Saved entries

___

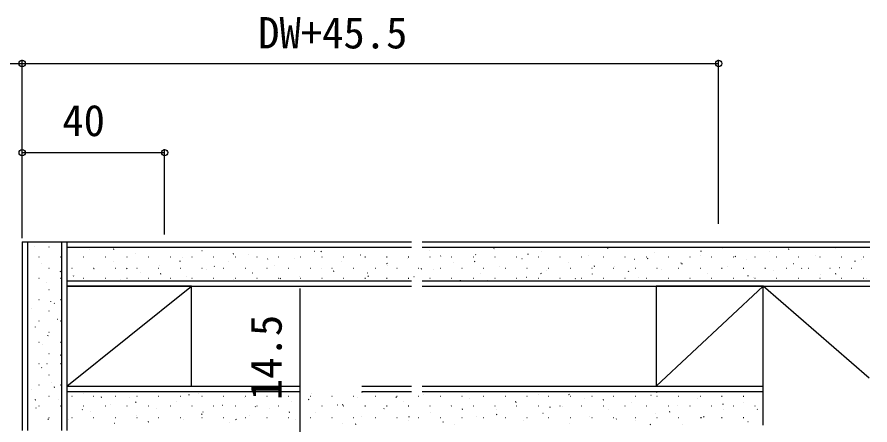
# Model space of a CAD drawing. Units: millimetres, scale not verified. Extents: x -700 to 700, y -1070 to 1067.
# Drawn here: x -202.5 to 36.9, y 192.3 to 306.7 of the extents above; entities that cross this region are included whole.
import ezdxf
from ezdxf.enums import TextEntityAlignment as Align

# ---------------------------------------------------------------- set-up
doc = ezdxf.new("R2010")
doc.units = ezdxf.units.MM
doc.header["$LTSCALE"] = 6
doc.layers.add('0-6_YKK_D', color=6, linetype='Continuous')
doc.layers.add('0-8_YSS_K', color=3, linetype='Continuous')
doc.styles.add('ＭＳ ゴシック', font='')
doc.styles.get('ＭＳ ゴシック').set_extended_font_data('MS Gothic')

msp = doc.modelspace()

# ---------------------------------------------------------------- linework, layer by layer
at = {"layer": '0-6_YKK_D'}
for p, q in [((-201.072, 244.7), (-201.072, 294.7)), ((-5.572, 248.7), (-5.572, 294.7)), ((-451.572, 293.7), (-201.072, 293.7)), ((-201.072, 293.7), (-5.572, 293.7)), ((-201.072, 245.7), (-201.072, 269.7)), ((-201.072, 268.7), (-161.072, 268.7)), ((-161.072, 245.7), (-161.072, 269.7))]:
    msp.add_line(p, q, dxfattribs=at)
msp.add_lwpolyline([(-123.072, 176.2), (-123.072, 190.7), (-123.072, 230.6)], dxfattribs=at)
for centre in [(-201.072, 293.7), (-201.072, 293.7), (-5.572, 293.7), (-201.072, 268.7), (-161.072, 268.7)]:
    msp.add_circle(centre, 0.875, dxfattribs=at)
at = {"layer": '0-8_YSS_K'}
for p, q in [((-201.072, 243.7), (-201.072, 190.7)), ((-201.072, 243.7), (-188.572, 243.7)), ((-199.572, 243.7), (-199.572, 190.7)), ((-199.572, 242.229), (-199.559, 242.229)), ((-197.504, 242.451), (-197.485, 242.458)), ((-193.579, 242.229), (-193.479, 242.229)), ((-190.072, 243.7), (-190.072, 190.7)), ((-188.572, 243.7), (-91.764, 243.7)), ((-188.572, 243.7), (-188.572, 190.7)), ((-188.572, 242.2), (-91.764, 242.2)), ((-132.086, 242.149), (-132.067, 242.156)), ((-88.764, 243.7), (36.928, 243.7)), ((-88.764, 242.2), (36.928, 242.2)), ((-68.191, 242.048), (-68.172, 242.054)), ((-36.668, 241.847), (-36.649, 241.854)), ((-4.391, 241.913), (-4.372, 241.92)), ((-196.429, 239.479), (-196.329, 239.479)), ((-190.349, 239.479), (-190.249, 239.479)), ((-183.869, 239.479), (-183.769, 239.479)), ((-182.208, 241.446), (-182.189, 241.452)), ((-177.789, 239.479), (-177.689, 239.479)), ((-175.417, 241.594), (-175.251, 241.705)), ((-171.709, 239.479), (-171.609, 239.479)), ((-169.189, 240.374), (-169.171, 240.38)), ((-165.629, 239.479), (-165.529, 239.479)), ((-159.549, 239.479), (-159.449, 239.479)), ((-153.469, 239.479), (-153.369, 239.479)), ((-150.59, 241.278), (-150.572, 241.285)), ((-147.389, 239.479), (-147.289, 239.479)), ((-141.84, 240.312), (-141.673, 240.423)), ((-141.309, 239.479), (-141.209, 239.479)), ((-137.572, 240.206), (-137.553, 240.213)), ((-135.229, 239.479), (-135.129, 239.479)), ((-129.149, 239.479), (-129.049, 239.479)), ((-123.069, 239.479), (-122.969, 239.479)), ((-119.067, 241.077), (-119.048, 241.084)), ((-117.251, 240.916), (-117.084, 241.027)), ((-116.989, 239.479), (-116.889, 239.479)), ((-110.909, 239.479), (-110.809, 239.479)), ((-106.049, 240.005), (-106.03, 240.012)), ((-104.829, 239.479), (-104.729, 239.479)), ((-98.749, 239.479), (-98.649, 239.479)), ((-92.669, 239.479), (-92.569, 239.479)), ((-86.79, 241.143), (-86.771, 241.15)), ((-86.589, 239.479), (-86.489, 239.479)), ((-83.673, 239.634), (-83.506, 239.744)), ((-80.509, 239.479), (-80.409, 239.479)), ((-74.429, 239.479), (-74.329, 239.479)), ((-73.771, 240.072), (-73.753, 240.078)), ((-68.689, 241.716), (-68.522, 241.826)), ((-68.349, 239.479), (-68.249, 239.479)), ((-62.269, 239.479), (-62.169, 239.479)), ((-59.084, 240.238), (-58.917, 240.348)), ((-56.189, 239.479), (-56.089, 239.479)), ((-55.173, 240.976), (-55.154, 240.983)), ((-50.109, 239.479), (-50.009, 239.479)), ((-44.029, 239.479), (-43.929, 239.479)), ((-42.154, 239.904), (-42.135, 239.911)), ((-37.949, 239.479), (-37.849, 239.479)), ((-31.869, 239.479), (-31.769, 239.479)), ((-25.789, 239.479), (-25.689, 239.479)), ((-23.649, 240.775), (-23.631, 240.782)), ((-19.709, 239.479), (-19.609, 239.479)), ((-13.629, 239.479), (-13.529, 239.479)), ((-10.631, 239.703), (-10.612, 239.71)), ((-10.523, 241.038), (-10.356, 241.148)), ((-7.549, 239.479), (-7.449, 239.479)), ((-1.469, 239.479), (-1.369, 239.479)), ((-0.917, 239.56), (-0.75, 239.67)), ((4.611, 239.479), (4.711, 239.479)), ((8.628, 240.841), (8.647, 240.848)), ((10.691, 239.479), (10.791, 239.479)), ((14.067, 241.642), (14.233, 241.752)), ((16.771, 239.479), (16.871, 239.479)), ((21.646, 239.769), (21.665, 239.776)), ((22.851, 239.479), (22.951, 239.479)), ((27.227, 241.746), (27.246, 241.752)), ((28.931, 239.479), (29.031, 239.479)), ((35.011, 239.479), (35.111, 239.479)), ((-195.552, 237.46), (-195.533, 237.467)), ((-188.448, 239.236), (-188.429, 239.242)), ((-175.43, 238.164), (-175.411, 238.171)), ((-162.411, 237.092), (-162.392, 237.099)), ((-156.824, 238.23), (-156.657, 238.341)), ((-156.171, 239.302), (-156.152, 239.309)), ((-143.152, 238.23), (-143.134, 238.237)), ((-132.234, 238.834), (-132.068, 238.945)), ((-130.134, 237.158), (-130.115, 237.165)), ((-124.553, 239.134), (-124.535, 239.141)), ((-111.535, 238.063), (-111.516, 238.069)), ((-98.657, 237.552), (-98.49, 237.662)), ((-93.03, 238.934), (-93.011, 238.94)), ((-80.012, 237.862), (-79.993, 237.868)), ((-74.068, 238.156), (-73.901, 238.266)), ((-60.753, 239), (-60.734, 239.006)), ((-47.734, 237.928), (-47.716, 237.935)), ((-29.136, 238.832), (-29.117, 238.839)), ((-25.506, 238.955), (-25.34, 239.066)), ((-16.117, 237.76), (-16.098, 237.767)), ((-15.901, 237.478), (-15.734, 237.588)), ((2.388, 238.631), (2.406, 238.638)), ((15.406, 237.56), (15.425, 237.566)), ((32.66, 238.277), (32.827, 238.388)), ((34.665, 238.698), (34.684, 238.704)), ((-199.572, 236.249), (-199.559, 236.249)), ((-193.579, 236.249), (-193.479, 236.249)), ((-190.369, 235.348), (-190.202, 235.459)), ((-187.099, 236.249), (-186.999, 236.249)), ((-181.019, 236.249), (-180.919, 236.249)), ((-180.916, 236.221), (-180.897, 236.228)), ((-174.939, 236.249), (-174.839, 236.249)), ((-171.808, 236.148), (-171.641, 236.258)), ((-168.859, 236.249), (-168.759, 236.249)), ((-167.897, 235.149), (-167.879, 235.156)), ((-162.779, 236.249), (-162.679, 236.249)), ((-162.202, 234.67), (-162.035, 234.781)), ((-156.699, 236.249), (-156.599, 236.249)), ((-150.619, 236.249), (-150.519, 236.249)), ((-149.393, 236.02), (-149.374, 236.027)), ((-147.218, 236.752), (-147.052, 236.863)), ((-144.539, 236.249), (-144.439, 236.249)), ((-138.459, 236.249), (-138.359, 236.249)), ((-136.374, 234.949), (-136.355, 234.955)), ((-132.379, 236.249), (-132.279, 236.249)), ((-126.299, 236.249), (-126.199, 236.249)), ((-120.219, 236.249), (-120.119, 236.249)), ((-117.115, 236.086), (-117.097, 236.093)), ((-114.139, 236.249), (-114.039, 236.249)), ((-113.641, 235.47), (-113.474, 235.58)), ((-108.059, 236.249), (-107.959, 236.249)), ((-104.097, 235.015), (-104.078, 235.021)), ((-101.979, 236.249), (-101.879, 236.249)), ((-98.516, 236.991), (-98.498, 236.997)), ((-95.899, 236.249), (-95.799, 236.249)), ((-89.819, 236.249), (-89.719, 236.249)), ((-89.052, 236.074), (-88.885, 236.184)), ((-85.498, 235.919), (-85.479, 235.926)), ((-83.739, 236.249), (-83.639, 236.249)), ((-77.659, 236.249), (-77.559, 236.249)), ((-72.479, 234.847), (-72.461, 234.854)), ((-71.579, 236.249), (-71.479, 236.249)), ((-66.993, 236.79), (-66.974, 236.797)), ((-65.499, 236.249), (-65.399, 236.249)), ((-59.419, 236.249), (-59.319, 236.249)), ((-55.474, 234.791), (-55.307, 234.902)), ((-53.975, 235.718), (-53.956, 235.725)), ((-53.339, 236.249), (-53.239, 236.249)), ((-47.259, 236.249), (-47.159, 236.249)), ((-41.179, 236.249), (-41.079, 236.249)), ((-40.956, 234.646), (-40.937, 234.653)), ((-40.49, 236.873), (-40.324, 236.984)), ((-35.099, 236.249), (-34.999, 236.249)), ((-34.716, 236.856), (-34.697, 236.863)), ((-30.885, 235.395), (-30.718, 235.506)), ((-29.019, 236.249), (-28.919, 236.249)), ((-22.939, 236.249), (-22.839, 236.249)), ((-21.697, 235.784), (-21.679, 235.791)), ((-16.859, 236.249), (-16.759, 236.249)), ((-10.779, 236.249), (-10.679, 236.249)), ((-8.679, 234.712), (-8.66, 234.719)), ((-4.699, 236.249), (-4.599, 236.249)), ((-3.099, 236.689), (-3.08, 236.695)), ((1.381, 236.249), (1.481, 236.249)), ((7.461, 236.249), (7.561, 236.249)), ((9.92, 235.617), (9.939, 235.623)), ((13.541, 236.249), (13.641, 236.249)), ((17.676, 236.195), (17.843, 236.306)), ((19.621, 236.249), (19.721, 236.249)), ((25.701, 236.249), (25.801, 236.249)), ((27.282, 234.717), (27.449, 234.828)), ((28.425, 236.488), (28.443, 236.494)), ((31.781, 236.249), (31.881, 236.249)), ((-196.429, 233.499), (-196.329, 233.499)), ((-190.349, 233.499), (-190.249, 233.499)), ((-188.572, 232.7), (-91.764, 232.7)), ((-186.791, 234.066), (-186.625, 234.176)), ((-186.496, 234.245), (-186.477, 234.252)), ((-183.869, 233.499), (-183.769, 233.499)), ((-177.789, 233.499), (-177.689, 233.499)), ((-173.478, 233.173), (-173.459, 233.18)), ((-171.709, 233.499), (-171.609, 233.499)), ((-165.629, 233.499), (-165.529, 233.499)), ((-159.549, 233.499), (-159.449, 233.499)), ((-154.879, 234.078), (-154.86, 234.084)), ((-153.469, 233.499), (-153.369, 233.499)), ((-147.389, 233.499), (-147.289, 233.499)), ((-141.86, 233.006), (-141.842, 233.012)), ((-141.309, 233.499), (-141.209, 233.499)), ((-135.229, 233.499), (-135.129, 233.499)), ((-129.149, 233.499), (-129.049, 233.499)), ((-128.625, 233.388), (-128.458, 233.498)), ((-123.356, 233.877), (-123.337, 233.883)), ((-123.069, 233.499), (-122.969, 233.499)), ((-116.989, 233.499), (-116.889, 233.499)), ((-110.909, 233.499), (-110.809, 233.499)), ((-110.337, 232.805), (-110.318, 232.812)), ((-104.829, 233.499), (-104.729, 233.499)), ((-104.036, 233.992), (-103.869, 234.102)), ((-98.749, 233.499), (-98.649, 233.499)), ((-92.669, 233.499), (-92.569, 233.499)), ((-91.078, 233.943), (-91.06, 233.95)), ((-88.764, 232.7), (36.928, 232.7)), ((-86.589, 233.499), (-86.489, 233.499)), ((-80.509, 233.499), (-80.409, 233.499)), ((-78.06, 232.871), (-78.041, 232.878)), ((-74.429, 233.499), (-74.329, 233.499)), ((-70.458, 232.709), (-70.291, 232.82)), ((-68.349, 233.499), (-68.249, 233.499)), ((-62.269, 233.499), (-62.169, 233.499)), ((-59.461, 233.775), (-59.442, 233.782)), ((-56.189, 233.499), (-56.089, 233.499)), ((-50.109, 233.499), (-50.009, 233.499)), ((-46.442, 232.704), (-46.424, 232.71)), ((-45.869, 233.313), (-45.702, 233.424)), ((-44.029, 233.499), (-43.929, 233.499)), ((-37.949, 233.499), (-37.849, 233.499)), ((-31.869, 233.499), (-31.769, 233.499)), ((-27.938, 233.575), (-27.919, 233.581)), ((-25.789, 233.499), (-25.689, 233.499)), ((-19.709, 233.499), (-19.609, 233.499)), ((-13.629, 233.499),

___

Task requirements :: Filter the data for the string "centre" and copy every line that has it.

Exercise response ::
for centre in [(-201.072, 293.7), (-201.072, 293.7), (-5.572, 293.7), (-201.072, 268.7), (-161.072, 268.7)]:
    msp.add_circle(centre, 0.875, dxfattribs=at)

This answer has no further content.